Exercise brief:
Reproduce the entries below exactly, but only from the line containing "#122=AXIS2_PLACEMENT_3D('',#119,#120,#121);" to the line containing "#131=LINE('',#130,#129);", inclusive.

====== Data excerpts ======

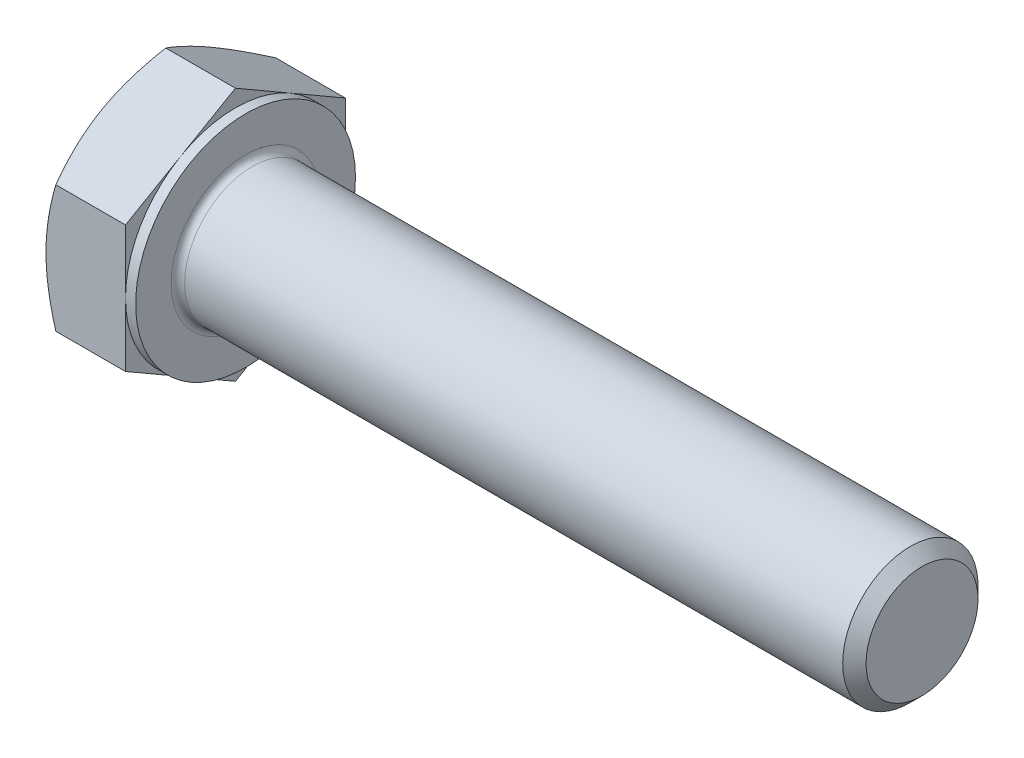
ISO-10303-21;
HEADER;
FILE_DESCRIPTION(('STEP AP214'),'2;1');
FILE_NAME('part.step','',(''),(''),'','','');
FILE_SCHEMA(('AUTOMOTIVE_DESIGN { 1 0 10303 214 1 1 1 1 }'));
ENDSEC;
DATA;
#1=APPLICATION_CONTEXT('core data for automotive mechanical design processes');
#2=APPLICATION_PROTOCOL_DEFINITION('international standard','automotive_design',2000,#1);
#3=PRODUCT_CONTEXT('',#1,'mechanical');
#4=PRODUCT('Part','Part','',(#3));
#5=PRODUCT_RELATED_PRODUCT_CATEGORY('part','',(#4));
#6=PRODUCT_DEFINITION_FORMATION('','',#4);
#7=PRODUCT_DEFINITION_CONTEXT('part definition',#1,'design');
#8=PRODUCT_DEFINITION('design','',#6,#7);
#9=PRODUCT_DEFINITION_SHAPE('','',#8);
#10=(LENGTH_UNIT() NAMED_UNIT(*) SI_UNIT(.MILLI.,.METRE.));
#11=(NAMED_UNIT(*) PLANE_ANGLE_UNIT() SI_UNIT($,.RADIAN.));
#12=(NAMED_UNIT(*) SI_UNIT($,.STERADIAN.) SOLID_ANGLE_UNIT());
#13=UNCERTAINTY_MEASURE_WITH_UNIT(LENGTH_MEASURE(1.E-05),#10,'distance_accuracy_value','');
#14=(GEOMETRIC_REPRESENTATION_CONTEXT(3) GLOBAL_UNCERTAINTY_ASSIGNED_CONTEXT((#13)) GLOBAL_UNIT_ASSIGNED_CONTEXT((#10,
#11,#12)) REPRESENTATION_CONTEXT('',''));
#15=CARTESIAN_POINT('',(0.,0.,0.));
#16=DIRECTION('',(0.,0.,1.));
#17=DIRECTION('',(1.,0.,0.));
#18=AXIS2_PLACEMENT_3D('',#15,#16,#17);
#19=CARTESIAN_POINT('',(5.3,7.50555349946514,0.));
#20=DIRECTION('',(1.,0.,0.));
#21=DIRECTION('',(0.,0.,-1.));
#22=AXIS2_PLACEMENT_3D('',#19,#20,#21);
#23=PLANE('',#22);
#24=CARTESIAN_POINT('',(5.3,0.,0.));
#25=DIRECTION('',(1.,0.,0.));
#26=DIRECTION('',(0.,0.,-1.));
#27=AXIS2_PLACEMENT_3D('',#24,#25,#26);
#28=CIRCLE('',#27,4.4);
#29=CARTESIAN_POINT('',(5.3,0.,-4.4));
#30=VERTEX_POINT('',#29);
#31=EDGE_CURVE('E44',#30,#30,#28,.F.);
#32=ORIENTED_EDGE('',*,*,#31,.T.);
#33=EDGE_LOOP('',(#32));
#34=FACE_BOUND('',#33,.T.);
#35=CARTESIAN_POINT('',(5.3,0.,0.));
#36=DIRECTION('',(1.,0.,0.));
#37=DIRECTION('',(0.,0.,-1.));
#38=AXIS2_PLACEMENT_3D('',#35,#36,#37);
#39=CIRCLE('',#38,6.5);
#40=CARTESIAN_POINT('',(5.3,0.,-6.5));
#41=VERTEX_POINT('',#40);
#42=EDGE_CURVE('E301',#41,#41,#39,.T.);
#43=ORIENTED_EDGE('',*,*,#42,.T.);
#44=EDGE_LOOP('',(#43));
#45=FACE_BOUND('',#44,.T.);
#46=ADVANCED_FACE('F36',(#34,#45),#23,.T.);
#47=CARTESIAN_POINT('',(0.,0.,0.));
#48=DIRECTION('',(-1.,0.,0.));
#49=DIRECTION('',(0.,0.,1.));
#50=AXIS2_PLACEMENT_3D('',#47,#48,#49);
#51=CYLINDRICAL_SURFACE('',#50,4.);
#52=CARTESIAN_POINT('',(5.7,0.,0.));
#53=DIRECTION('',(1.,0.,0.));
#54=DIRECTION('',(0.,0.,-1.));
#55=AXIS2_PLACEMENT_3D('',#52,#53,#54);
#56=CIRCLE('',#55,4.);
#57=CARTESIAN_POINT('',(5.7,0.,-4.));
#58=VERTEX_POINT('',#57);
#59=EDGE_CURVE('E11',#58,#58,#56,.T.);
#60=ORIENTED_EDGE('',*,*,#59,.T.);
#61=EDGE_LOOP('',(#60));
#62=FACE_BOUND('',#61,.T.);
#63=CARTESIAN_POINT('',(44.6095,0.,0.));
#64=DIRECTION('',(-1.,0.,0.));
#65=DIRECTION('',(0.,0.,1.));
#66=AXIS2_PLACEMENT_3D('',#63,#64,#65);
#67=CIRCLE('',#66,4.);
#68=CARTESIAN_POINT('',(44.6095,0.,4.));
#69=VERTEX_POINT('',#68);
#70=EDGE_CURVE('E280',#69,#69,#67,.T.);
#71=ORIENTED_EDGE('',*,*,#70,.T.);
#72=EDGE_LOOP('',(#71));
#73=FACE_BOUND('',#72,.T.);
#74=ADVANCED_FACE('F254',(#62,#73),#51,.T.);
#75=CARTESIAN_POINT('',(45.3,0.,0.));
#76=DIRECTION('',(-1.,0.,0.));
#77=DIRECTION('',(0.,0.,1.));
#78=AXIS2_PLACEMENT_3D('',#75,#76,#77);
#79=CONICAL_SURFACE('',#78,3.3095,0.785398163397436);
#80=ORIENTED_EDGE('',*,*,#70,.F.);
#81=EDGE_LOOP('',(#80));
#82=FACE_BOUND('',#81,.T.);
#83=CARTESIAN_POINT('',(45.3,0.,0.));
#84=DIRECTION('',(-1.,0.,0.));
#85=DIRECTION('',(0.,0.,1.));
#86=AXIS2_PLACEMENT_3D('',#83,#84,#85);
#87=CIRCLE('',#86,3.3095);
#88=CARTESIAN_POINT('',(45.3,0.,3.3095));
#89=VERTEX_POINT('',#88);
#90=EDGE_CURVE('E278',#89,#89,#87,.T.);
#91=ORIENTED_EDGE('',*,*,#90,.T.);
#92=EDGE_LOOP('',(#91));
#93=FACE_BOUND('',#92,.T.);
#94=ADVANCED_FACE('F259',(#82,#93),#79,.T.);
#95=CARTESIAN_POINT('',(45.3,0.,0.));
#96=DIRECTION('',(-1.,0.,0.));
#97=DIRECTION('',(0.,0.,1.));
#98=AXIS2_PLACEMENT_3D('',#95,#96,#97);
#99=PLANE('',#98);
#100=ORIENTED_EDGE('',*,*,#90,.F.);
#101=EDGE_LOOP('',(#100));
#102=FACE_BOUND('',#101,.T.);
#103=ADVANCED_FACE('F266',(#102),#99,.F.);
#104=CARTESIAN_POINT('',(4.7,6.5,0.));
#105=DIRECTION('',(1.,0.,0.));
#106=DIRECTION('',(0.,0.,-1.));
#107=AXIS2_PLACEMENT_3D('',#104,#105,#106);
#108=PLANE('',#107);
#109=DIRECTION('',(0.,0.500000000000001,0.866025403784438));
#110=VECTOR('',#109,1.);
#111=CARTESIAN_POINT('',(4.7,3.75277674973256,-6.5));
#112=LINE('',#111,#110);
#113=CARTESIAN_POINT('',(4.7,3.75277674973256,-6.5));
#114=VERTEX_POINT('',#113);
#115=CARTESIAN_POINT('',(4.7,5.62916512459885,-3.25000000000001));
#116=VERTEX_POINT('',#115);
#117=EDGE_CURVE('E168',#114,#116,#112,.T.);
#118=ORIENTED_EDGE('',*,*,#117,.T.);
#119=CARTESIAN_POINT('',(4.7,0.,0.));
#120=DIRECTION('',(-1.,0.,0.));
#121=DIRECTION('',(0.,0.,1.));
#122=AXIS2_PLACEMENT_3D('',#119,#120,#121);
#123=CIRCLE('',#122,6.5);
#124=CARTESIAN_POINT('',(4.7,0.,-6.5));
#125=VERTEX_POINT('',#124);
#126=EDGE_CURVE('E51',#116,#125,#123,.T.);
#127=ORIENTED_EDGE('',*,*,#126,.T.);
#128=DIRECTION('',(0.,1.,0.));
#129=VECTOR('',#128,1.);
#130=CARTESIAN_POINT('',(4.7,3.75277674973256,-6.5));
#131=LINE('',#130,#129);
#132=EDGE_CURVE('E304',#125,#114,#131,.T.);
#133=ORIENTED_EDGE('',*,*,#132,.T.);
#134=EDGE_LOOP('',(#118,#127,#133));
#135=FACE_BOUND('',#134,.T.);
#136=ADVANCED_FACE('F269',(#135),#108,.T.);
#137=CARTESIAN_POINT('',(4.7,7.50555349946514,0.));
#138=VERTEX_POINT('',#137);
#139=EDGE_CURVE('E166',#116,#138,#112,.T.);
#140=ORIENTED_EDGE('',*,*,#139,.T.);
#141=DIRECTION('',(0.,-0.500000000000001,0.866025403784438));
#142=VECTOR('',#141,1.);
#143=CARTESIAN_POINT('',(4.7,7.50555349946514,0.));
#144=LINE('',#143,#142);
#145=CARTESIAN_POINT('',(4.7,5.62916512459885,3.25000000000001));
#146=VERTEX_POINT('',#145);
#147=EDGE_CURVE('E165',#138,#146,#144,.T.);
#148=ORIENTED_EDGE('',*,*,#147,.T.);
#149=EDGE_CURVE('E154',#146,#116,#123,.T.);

======

Written response:
#122=AXIS2_PLACEMENT_3D('',#119,#120,#121);
#123=CIRCLE('',#122,6.5);
#124=CARTESIAN_POINT('',(4.7,0.,-6.5));
#125=VERTEX_POINT('',#124);
#126=EDGE_CURVE('E51',#116,#125,#123,.T.);
#127=ORIENTED_EDGE('',*,*,#126,.T.);
#128=DIRECTION('',(0.,1.,0.));
#129=VECTOR('',#128,1.);
#130=CARTESIAN_POINT('',(4.7,3.75277674973256,-6.5));
#131=LINE('',#130,#129);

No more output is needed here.